Salsa adaptation of a behind-the-back hand-change turn

SalsaLevel: Intermediate1 min read2 citations

In salsa, the Texas Tommy is a partnered figure rather than the early twentieth-century dance of the same name; the older Texas Tommy originated in San Francisco's Barbary Coast scene around 1910 and later became associated with swing lineage.[1] Salsa usage keeps the recognizable hand idea: a connected hand is guided behind the follower's back during a travelling turn, comparable to the swing move also called Apache in some partner-dance vocabularies.[2] In slot-based salsa the figure is usually built from open or right-to-right handhold. On the first measure the partners make their normal On1 break and the leader opens a passage; the follower does not break forward, but enters the slot after replacing weight. On the second measure the follower travels through the opened track while rotating in staged portions, commonly about a quarter-turn into the pathway, a further half-turn while passing, and a final quarter-turn to re-face the leader. The leader stays compact, changes the hand path behind the follower only after her shoulder line has cleared, and avoids pulling the arm across the lower back. The name is common in English-language salsa instruction, while many Afro-Cuban and Colombian social contexts either do not center the slot figure or borrow the English term when it appears.

How it's danced

Lead and follow cues

CountOn1 salsa: one break per measure, on 1 and 5. First measure 1-2-3 sets the open pathway after both partners break away from each other; second measure 5-6-7 carries the follower through the slot with a staged clockwise turn of roughly 90 degrees into the path, about 180 degrees while passing, and about 90 degrees to re-face, for roughly one full turn total.

Lead

On1 from open or right-to-right hold: 1 break back on left, 2 replace right, 3 step left while opening the slot and presenting a forward path. On 5 guide the follower forward and begin a clockwise travelling turn only after her frame has entered the slot; on 6 keep the connected hand close enough to pass behind her back without twisting the shoulder; on 7 receive or release as she finishes facing back toward the leader.

Follow

On1 from open or right-to-right hold: 1 break back on right, 2 replace left, 3 step forward on right only after the lead opens the pathway.

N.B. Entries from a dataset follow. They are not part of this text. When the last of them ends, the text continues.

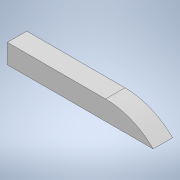
# Autodesk Inventor part: New_ThinFinger
Saved by Autodesk Inventor 2021 (Build 250183000, 183)
## iProperties
Created: 2021-08-05
Part Number: New_ThinFinger
Material: Generic
Document SubType Name: Modeling
Designer: hp
Density: 1 g/cm^3
Appearance: Default
Author: hp
Autodesk Inventor part; units mm, degrees
ref_plane "YZ Plane" through (0, 0, 0) normal (1, 0, 0) x (0, 1, 0)
ref_plane "XZ Plane" through (0, 0, 0) normal (0, 1, 0) x (-1, 0, 0)
sketch "Sketch1" plane through (0, 0, 0) normal (1, 0, 0) x (0, 1, 0)
  line L0 (-0.6, 0.6) -> (-0.6, -0.6)
  line L1 (-0.6, -0.6) -> (0.6, -0.6)
  line L2 (0.6, -0.6) -> (0.6, 0.6)
  line L3 (0.6, 0.6) -> (-0.6, 0.6)
  line L4 (-0.6, 0.6) -> (0.6, -0.6) construction
  line L5 (-0.6, -0.6) -> (0.6, 0.6) construction
  point P0 (0, 0)
  dimension "d0" = 1.2
  dimension "d1" = 1.2
  constraints: 12 end point, 2 midpoint, 2 parallel, 1 perpendicular, 1 vertical
  measures "d0" distance of L0.start L0.end
  measures "d1" distance of L1.end L0.end
extrude "Extrusion1" add sketch "Sketch1" along normal blind 9
ref_plane "Work Plane1" through (0, -0.6, 0.6) normal (0, 0, 1) x (1, 0, 0)
sketch "Sketch2" plane through (0, -0.6, 0.6) normal (0, 0, 1) x (1, 0, 0)
  line L0 (9, 0) -> (9, 1.2) projected
  line L1 (0, 1.2) -> (9, 1.2) projected
  line L2 (9, 0) -> (9, 1.2)
  line L3 (9, 1.2) -> (7.8, 1.2)
  line L4 (7.8, 1.2) -> (9, 0)
  point P0 (0, 0.6)
  dimension "d5" = 1.2
  constraints: 6 end point, 1 perpendicular, 1 point on line
  measures "d5" distance of L0.end L3.end
extrude "Extrusion2" cut sketch "Sketch2" against normal blind 9
fillet "Fillet1" radius 4.2 1 edges at (7.8, 0.6, 0)
body "Solid1"
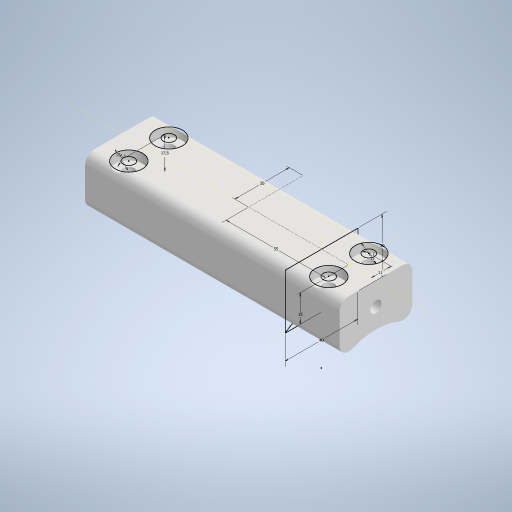
# Autodesk Inventor part: uMule-ogranicznik_koła
Saved by Autodesk Inventor 2024.2 (Build 282272000, 272)
## iProperties
Created: 2024-10-21
Part Number: uMule-ogranicznik_koła
Material: Ogólny
Document SubType Name: Modeling
Designer: owozn
Density: 1 g/cm^3
Appearance: Domyślna
Author: owozn
Autodesk Inventor part; units mm, degrees
ref_plane "YZ Plane" through (0, 0, 0) normal (1, 0, 0) x (0, 1, 0)
ref_plane "XZ Plane" through (0, 0, 0) normal (0, 1, 0) x (-1, 0, 0)
ref_plane "XY Plane" through (0, 0, 0) normal (0, 0, 1) x (1, 0, 0)
sketch "Szkic1" plane through (0, 0, 0) normal (0, 1, 0) x (-1, 0, 0)
  line L0 (15, 20) -> (-15, 20)
  line L1 (-15, 20) -> (-15, -20)
  line L2 (-15, -20) -> (15, -20)
  line L3 (15, -20) -> (15, 20)
  line L4 (15, 20) -> (-15, -20) construction
  line L5 (-15, 20) -> (15, -20) construction
  line L6 (0, -28) -> (0, 28) construction
  line L7 (21, 0) -> (-21, 0) construction
  point P0 (0, 0)
  dimension "d0" = 30
  dimension "d1" = 40
  constraints: 12 end point, 2 midpoint, 2 parallel, 1 horizontal, 1 perpendicular
  measures "d0" distance of L2.end L1.end
  measures "d1" distance of L1.end L0.end
extrude "Wyciągnięcie proste1" add sketch "Szkic1" along normal blind 30
sketch "Szkic2" plane through (-15, 0, -20) normal (-1, 0, 0) x (0, 0, 1)
  line L0 (-8, 0) -> (48, 0) construction
  line L1 (20, -6) -> (20, 36) construction
  line L2 (40, 30) -> (0, 30)
  line L3 (0, 30) -> (0, 0)
  line L4 (0, 0) -> (40, 0)
  line L5 (40, 0) -> (40, 30)
  line L6 (40, 30) -> (0, 0) construction
  line L7 (0, 30) -> (40, 0) construction
  line L8 (0, 0) -> (40, 0) projected
  arc A0 (40, 0) -> (0, 0) centre (20, -26.6667) ccw
  point P0 (20, 0)
  point P1 (20, 15)
  point P2 (20, 0)
  point P3 (0, 0)
  point P4 (0, 0)
  dimension "d4" = 40
  dimension "d5" = 30
  dimension "d6" = 15
  constraints: 12 end point, 4 midpoint, 2 parallel, 2 point on circle, 1 centre point, 1 horizontal, 1 perpendicular, 1 tangent
  measures "d4" distance of L4.end L3.end
  measures "d5" distance of L3.end L2.end
  measures "d6" distance of point (20, 0) point (20, 15)
extrude "Wyciągnięcie proste2" add sketch "Szkic2" along normal blind 110 contours L5 A0 L3 L2
extrude "Wyciągnięcie proste3" cut sketch "Szkic2" along normal through all both and the other way through all contours L4 A0
fillet "Zaokrąglenie1" radius 5 6 edges at (0, 0, 20) (-70, 0, 20) (0, 0, -20) (-70, 0, -20) (-55, 30, 20) (-55, 30, -20)
sketch "Szkic3" plane through (0, 30, 0) normal (0, 1, 0) x (1, 0, 0)
  line L0 (-153, 0) -> (43, 0) construction
  line L1 (0, 28) -> (0, -28) construction
  circle A0 centre (0, 11) radius 7.5
  circle A1 centre (0, 11) radius 3.05
  circle A2 centre (0, -11) radius 7.5
  circle A3 centre (0, -11) radius 3.05
  line L2 (0, 0) -> (-55, 0) construction
  line L3 (-125, 15) -> (15, 15) construction
  line L4 (-55, 0) -> (-55, 30) construction
  circle A4 centre (-110, 11) radius 7.5
  circle A5 centre (-110, 11) radius 3.05
  circle A6 centre (-110, -11) radius 7.5
  circle A7 centre (-110, -11) radius 3.05
  dimension "d12" = 15
  dimension "d13" = 6.1
  dimension "d14" = 11
  dimension "d21" = 55
  dimension "d23" = 30
  constraints: 8 centre point, 6 symmetric about line, 4 coincident, 4 end point, 1 midpoint, 1 point on line, 1 vertical, 6 other
  measures "d12" diameter of A0
  measures "d13" diameter of A1
  measures "d14" distance from line of L0 A0.centre
  measures "d21" distance of L2.start L2.end
  measures "d23" distance of L2.end L4.end
extrude "Wyciągnięcie proste4" cut sketch "Szkic3" against normal through all contours A0 | A1 | A2 | A3 | A4 | A5 | A6 | A7
extrude "Wyciągnięcie proste5" add sketch "Szkic3" against normal blind 23.5
extrude "Wyciągnięcie proste6" cut sketch "Szkic3" against normal blind 5
sketch "Szkic5" plane through (0, 30, 0) normal (0, 1, 0) x (1, 0, 0)
  point P0 (0, 0)
sketch "Szkic6" plane through (-125, 0, -20) normal (-1, 0, 0) x (0, 0, 1)
  line L0 (-8, 0) -> (48, 0) construction
  line L1 (20, -6.0006) -> (20, 36.0033) construction
  circle A0 centre (20, 17.5) radius 7.5
  circle A1 centre (20, 17.5) radius 3.05
  point P0 (20, 0)
  dimension "d24" = 15
  dimension "d25" = 6.1
  dimension "d26" = 17.5
  constraints: 2 centre point, 1 coincident, 1 point on line
  measures "d24" diameter of A0
  measures "d25" diameter of A1
  measures "d26" distance from line of L0 A0.centre
extrude "Wyciągnięcie proste7" cut sketch "Szkic6" against normal through all contours A1
hole "Otwór1" at (-110, 30, 11) at (-110, 30, -11) at (0, 30, 11) at (0, 30, -11) direction (0, -1, 0) diameter 6.2 end through all

On 5 travel forward on left and begin the clockwise reorientation, on 6 continue through the slot as the connected hand passes behind the back, and on 7 step left to complete the staged turn and re-face the leader.

Song timingBest at moderate social salsa tempos around 150-185 bpm, where the follower can complete the staged travelling turn without shoulder pressure. Around 190 bpm and above it becomes a fast-end pattern and should be simplified or released early. For On2 use, the same physical actions shift to 2-3-4 and 6-7-8, with breaks on 2 and 6.

Learn first

Prerequisites

  • On1 salsa basic
  • open hold
  • cross-body lead pathway
  • follower right turn
  • comfortable hand changes without gripping

Watch out

Common mistakes

  • Starting the follower forward on count 1 instead of allowing her normal back break on right.
  • Pulling the follower's arm behind the back before her torso has cleared the slot.
  • Letting the hand path drift high behind the shoulder instead of keeping it low and close to the follower's back line.
  • Treating the turn as one late whip rather than splitting the rotation across entry, travel, and exit.
  • Under-rotating so the follower stops short of re-facing the leader on count 7.
  • Using the ballroom phrase line of dance instead of the salsa slot.

Don't confuse with

Easily confused moves

  • The historical Texas Tommy social dance is not the same thing as the salsa figure.
  • Apache may name the same behind-the-back partner-dance idea in some scenes, but it is not a separate salsa basic.
  • Paso cruzado and cruzado describe crossed footwork in Spanish-language dance contexts and should not be used as translations for this figure.
  • Hammerlock names a held arm position; Texas Tommy names a travelling figure that may pass through or finish in that position.

Around the world

Other names

  • English-language salsa scenes

    Texas Tommy

    Common borrowed name for the salsa figure with a behind-the-back hand path.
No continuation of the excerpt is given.